Umur Panjang Kolom Pribadi yang Tak Terduga
Kegigihan kolom ini bukan hanya tentang kebiasaan; ini tentang hubungan yang mendalam dan hampir mendasar dengan penonton. Cropley dengan jujur mengakui hak istimewa memiliki platform dalam publikasi terkemuka seperti Autocar untuk berbagi pengalaman pribadi. Ini bukan sekedar pemanjaan diri, namun merupakan kelanjutan dari tradisi yang sudah ada sejak kolumnis otomotif berpengaruh di masa lalu.
Kekuatan Satu Suara: Warisan Bill Tuckey
Penulis memuji kolumnis otomotif Australia Bill Tuckey sebagai pengaruh formatif. Sebagai seorang pembaca muda yang tumbuh di kota terpencil di Australia pada tahun 1960-an, Cropley menganggap tulisan Tuckey menarik. Gaya percakapan kolumnis yang langsung terasa pribadi dan mengilhami ketertarikan seumur hidup terhadap mediumnya.
“Tuckey adalah alasan mengapa saya tidak berprestasi di sekolah. Saya terlalu sibuk membaca fitur dan kolomnya di bawah meja.”
Anekdot ini menggambarkan kekuatan seorang penulis yang kuat untuk memikat pembacanya, bahkan hingga merugikan kepentingan akademis. Cropley kemudian mengkonfirmasi pengaruh Tuckey secara langsung, mendapatkan reaksi yang sederhana namun memuaskan.
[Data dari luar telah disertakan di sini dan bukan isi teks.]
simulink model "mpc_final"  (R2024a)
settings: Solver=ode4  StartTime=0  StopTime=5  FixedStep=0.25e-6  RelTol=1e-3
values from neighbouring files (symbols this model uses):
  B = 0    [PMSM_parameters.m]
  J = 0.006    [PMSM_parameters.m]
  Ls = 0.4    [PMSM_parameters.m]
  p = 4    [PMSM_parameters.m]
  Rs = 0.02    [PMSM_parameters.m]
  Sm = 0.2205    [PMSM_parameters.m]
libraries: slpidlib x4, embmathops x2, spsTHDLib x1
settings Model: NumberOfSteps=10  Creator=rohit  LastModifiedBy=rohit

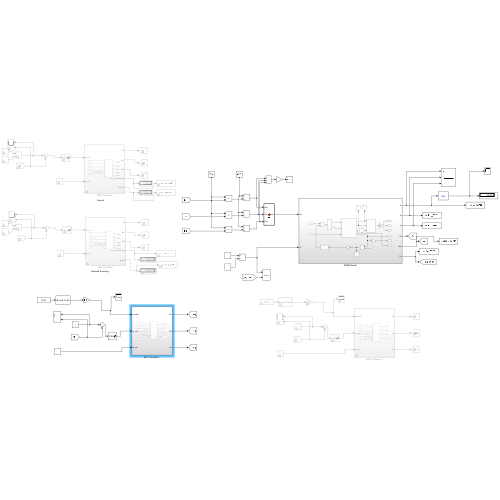
[thumbnail: Simulink's stored preview of the top-level diagram]
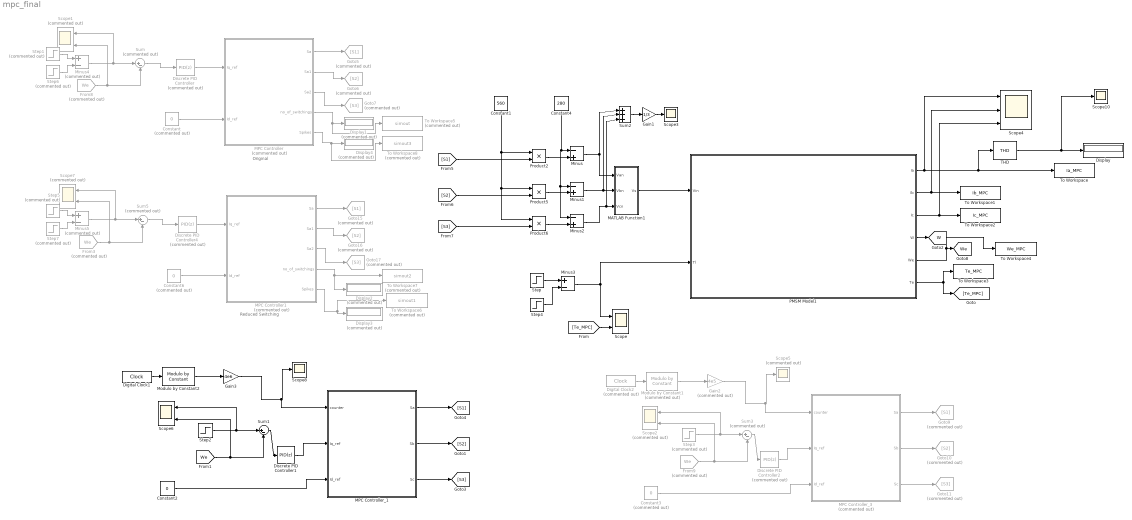
== system mpc_final ==
  note: Original
  note: Reduced Switching
  Constant : Constant  Commented=on  Value=0
  Constant1 : Constant  Value=560
  Constant2 : Constant  Value=0
  Constant3 : Constant  Commented=on  Value=0
  Constant4 : Constant  Value=280
  Constant6 : Constant  Commented=on  Value=0
  Digital Clock1 : DigitalClock  SampleTime=2.5e-6
  Digital Clock2 : DigitalClock  Commented=on  SampleTime=2.5e-6
  Discrete PID Controller : slpidlib/PID Controller  Commented=on  Controller=PID  Form=Parallel  TimeDomain=Discrete-time  UseExternalTs=off  SampleTime=-1  IntegratorMethod=Forward Euler  FilterMethod=Forward Euler  ControllerParametersSource=internal  P=10  I=1  UseKiTs=off  D=1  UseExternalDerivativeSource=off  N=100  UseFilter=off  TunerSelectOption=Transfer Function Based (PID Tuner App)  InitialConditionSource=internal  InitialConditionForIntegrator=0  InitialConditionForFilter=0  DifferentiatorICPrevScaledInput=0  ExternalReset=none  TrackingMode=off  Kt=1  LimitOutput=on  SatLimitsSource=internal  UpperSaturationLimit=90  LowerSaturationLimit=-90  LinearizeAsGain=on  AntiWindupMode=clamping  Kb=1  LimitIntegrator=off  UpperIntegratorSaturationLimit=inf  LowerIntegratorSaturationLimit=-inf  POutMin=[]  POutMax=[]  IOutMin=[]  IOutMax=[]  DOutMin=[]  DOutMax=[]  NOutMin=[]  NOutMax=[]  SumOutMin=[]  SumOutMax=[]  SaturationOutMin=[]  SaturationOutMax=[]  PParamMin=[]  PParamMax=[]  IParamMin=[]  IParamMax=[]  DParamMin=[]  DParamMax=[]  NParamMin=[]  NParamMax=[]  KbParamMin=[]  KbParamMax=[]  KtParamMin=[]  KtParamMax=[]  KbOutMin=[]  KbOutMax=[]  KtOutMin=[]  KtOutMax=[]  IntegratorOutMin=[]  IntegratorOutMax=[]  FilterOutMin=[]  FilterOutMax=[]  SumI1OutMin=[]  SumI1OutMax=[]  SumI2OutMin=[]  SumI2OutMax=[]  SumI3OutMin=[]  SumI3OutMax=[]  SumI4OutMin=[]  SumI4OutMax=[]  SumDOutMin=[]  SumDOutMax=[]  DifferentiatorOutMin=[]  DifferentiatorOutMax=[]  FilterDiffOutCoefMin=[]  FilterDiffOutCoefMax=[]  ReciprocalOutMin=[]  ReciprocalOutMax=[]  SumDenOutMin=[]  SumDenOutMax=[]  SumNumOutMin=[]  SumNumOutMax=[]  DivideOutMin=[]  DivideOutMax=[]  UdiffTsProdOutMin=[]  UdiffTsProdOutMax=[]  NTsProdOutMin=[]  NTsProdOutMax=[]  UintegralTsProdOutMin=[]  UintegralTsProdOutMax=[]  UngainTsProdOutMin=[]  UngainTsProdOutMax=[]  ClampingZeroOutDataTypeStr=Inherit: Inherit via back propagation  ClampingZeroOutMin=[]  ClampingZeroOutMax=[]  FilterDenConstantOutDataTypeStr=Inherit: Inherit via back propagation  FilterDenConstantOutMin=[]  FilterDenConstantOutMax=[]  PCopyOutDataTypeStr=Inherit: Inherit via back propagation  PCopyOutMin=[]  PCopyOutMax=[]  NCopyOutDataTypeStr=Inherit: Inherit via back propagation  NCopyOutMin=[]  NCopyOutMax=[]  IntegratorContinuousStateAttributes=''  IntegratorStateMustResolveToSignalObject=off  IntegratorRTWStateStorageClass=Auto  FilterContinuousStateAttributes=''  FilterStateMustResolveToSignalObject=off  FilterRTWStateStorageClass=Auto  ParallelPVariant=InternalParameters  IdealPVariant=Disabled  IVariant=InternalParameters  DVariant=InternalParameters  IntegratorVariant=Discrete  SatVariant=Enabled  AWVariant=DiscClampingParallel  PCopyVariant=Disabled  TRVariant=Disabled  FdbkBlocksVariant=Forward  IdealPFdbkVariant=Disabled  SatFdbkVariant=Disabled  DerivativeFilterVariant=Differentiator  NVariant=Passthrough  NCopyVariant=Disabled_SignalSpec  FilterICVariant=InternalICsDifferentiator  IntegratorICVariant=InternalICs  ExternalResetVariant=Disabled  TRSumVariant=Passthrough  SumFdbkVariant=Disabled  SumVariant=Sum_PID  TsampFilterVariant=InternalTs  TsampNgainVariant=Passthrough  TsampIntegralVariant=Disabled_SignalSpec  ExternalSaturationOutDataTypeStr=Inherit: Same as second input  DerivativeSourceVariant=ErrorSignal
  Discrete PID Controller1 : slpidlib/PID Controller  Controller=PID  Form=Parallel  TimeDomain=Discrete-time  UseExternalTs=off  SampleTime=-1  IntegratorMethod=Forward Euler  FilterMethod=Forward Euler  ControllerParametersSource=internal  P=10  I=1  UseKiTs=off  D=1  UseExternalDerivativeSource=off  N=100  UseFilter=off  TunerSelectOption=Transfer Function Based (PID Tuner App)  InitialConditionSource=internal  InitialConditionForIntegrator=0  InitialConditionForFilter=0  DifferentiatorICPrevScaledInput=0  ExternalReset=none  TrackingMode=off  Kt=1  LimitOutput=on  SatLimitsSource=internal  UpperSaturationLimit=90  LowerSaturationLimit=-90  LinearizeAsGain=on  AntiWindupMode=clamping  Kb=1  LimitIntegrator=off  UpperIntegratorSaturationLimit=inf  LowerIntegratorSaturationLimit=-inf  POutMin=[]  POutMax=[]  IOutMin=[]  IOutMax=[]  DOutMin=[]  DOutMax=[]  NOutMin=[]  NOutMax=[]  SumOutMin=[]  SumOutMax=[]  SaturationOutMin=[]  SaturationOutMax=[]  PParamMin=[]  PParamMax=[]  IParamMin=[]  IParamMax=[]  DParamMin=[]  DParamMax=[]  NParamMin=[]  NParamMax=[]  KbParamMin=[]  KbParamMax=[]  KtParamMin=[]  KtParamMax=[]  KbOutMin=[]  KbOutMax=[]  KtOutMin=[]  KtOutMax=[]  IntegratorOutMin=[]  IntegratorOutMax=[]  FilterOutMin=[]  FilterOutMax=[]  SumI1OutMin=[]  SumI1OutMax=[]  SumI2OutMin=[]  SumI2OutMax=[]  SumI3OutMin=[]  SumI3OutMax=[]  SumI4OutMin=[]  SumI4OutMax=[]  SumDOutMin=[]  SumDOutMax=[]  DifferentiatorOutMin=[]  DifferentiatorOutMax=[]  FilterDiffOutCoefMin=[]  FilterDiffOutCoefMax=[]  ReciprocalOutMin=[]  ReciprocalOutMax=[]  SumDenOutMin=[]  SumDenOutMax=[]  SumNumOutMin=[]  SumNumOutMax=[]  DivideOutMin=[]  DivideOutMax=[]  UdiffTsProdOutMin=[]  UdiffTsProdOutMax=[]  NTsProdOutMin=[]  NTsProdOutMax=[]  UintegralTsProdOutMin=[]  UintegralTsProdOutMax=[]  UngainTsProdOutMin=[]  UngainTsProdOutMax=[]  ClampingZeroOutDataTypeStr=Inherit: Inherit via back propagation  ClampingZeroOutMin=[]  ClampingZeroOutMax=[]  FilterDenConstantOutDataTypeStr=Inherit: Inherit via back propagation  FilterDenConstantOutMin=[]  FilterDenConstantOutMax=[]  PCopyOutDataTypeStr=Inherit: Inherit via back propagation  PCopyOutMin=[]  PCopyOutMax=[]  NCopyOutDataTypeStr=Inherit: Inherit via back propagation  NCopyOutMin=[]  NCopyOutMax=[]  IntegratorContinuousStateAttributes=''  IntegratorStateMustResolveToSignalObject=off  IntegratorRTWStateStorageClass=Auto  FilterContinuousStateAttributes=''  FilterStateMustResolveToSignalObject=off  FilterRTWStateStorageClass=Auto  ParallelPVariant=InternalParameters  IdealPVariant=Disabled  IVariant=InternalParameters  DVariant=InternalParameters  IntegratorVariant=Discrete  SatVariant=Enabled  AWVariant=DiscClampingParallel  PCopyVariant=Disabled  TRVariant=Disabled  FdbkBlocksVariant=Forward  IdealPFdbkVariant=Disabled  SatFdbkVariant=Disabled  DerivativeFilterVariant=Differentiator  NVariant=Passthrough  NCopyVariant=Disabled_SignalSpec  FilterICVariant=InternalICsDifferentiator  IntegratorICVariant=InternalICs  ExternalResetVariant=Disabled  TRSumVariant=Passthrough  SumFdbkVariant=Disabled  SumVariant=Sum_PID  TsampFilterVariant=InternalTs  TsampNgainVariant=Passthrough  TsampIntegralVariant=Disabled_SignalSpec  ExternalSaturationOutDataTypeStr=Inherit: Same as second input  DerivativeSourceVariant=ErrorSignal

Kelanjutan Modern: Podcast dan Penulisan Kolaboratif
Tradisi ini meluas ke generasi baru. Cropley mencatat bahwa sesama kontributor Autocar Matt Prior memiliki antusiasme yang sama untuk menulis kolom, sebagaimana dibuktikan dalam podcast bersama mereka, “My Week In Cars.” Podcast memperkuat dinamikanya yang mudah, sering kali dimulai dengan ide-ide lepas yang berkembang menjadi potongan-potongan yang halus.
Kegembiraan Prosesnya
Meskipun terkadang ada tenggat waktu dan tekanan untuk menyampaikan konten segar, Cropley dan Prior tidak pernah melewatkan satu kolom pun, baik saat liburan atau lainnya. Alasannya bukan karena takut akan kompetisi, tapi karena kenikmatan sejati. Ritual mingguan ini tetap menjadi sorotan, membuktikan bahwa hubungan personal dalam jurnalisme otomotif masih jauh dari ketinggalan jaman.
Karya penulis selama tiga puluh empat tahun dengan “My Week In Cars” menunjukkan kekuatan abadi dari kolom pribadi yang dilaksanakan dengan baik. Formatnya, yang berasal dari pertengahan abad ke-20, terus diterima oleh khalayak modern karena keaslian dan hubungan antarmanusianya.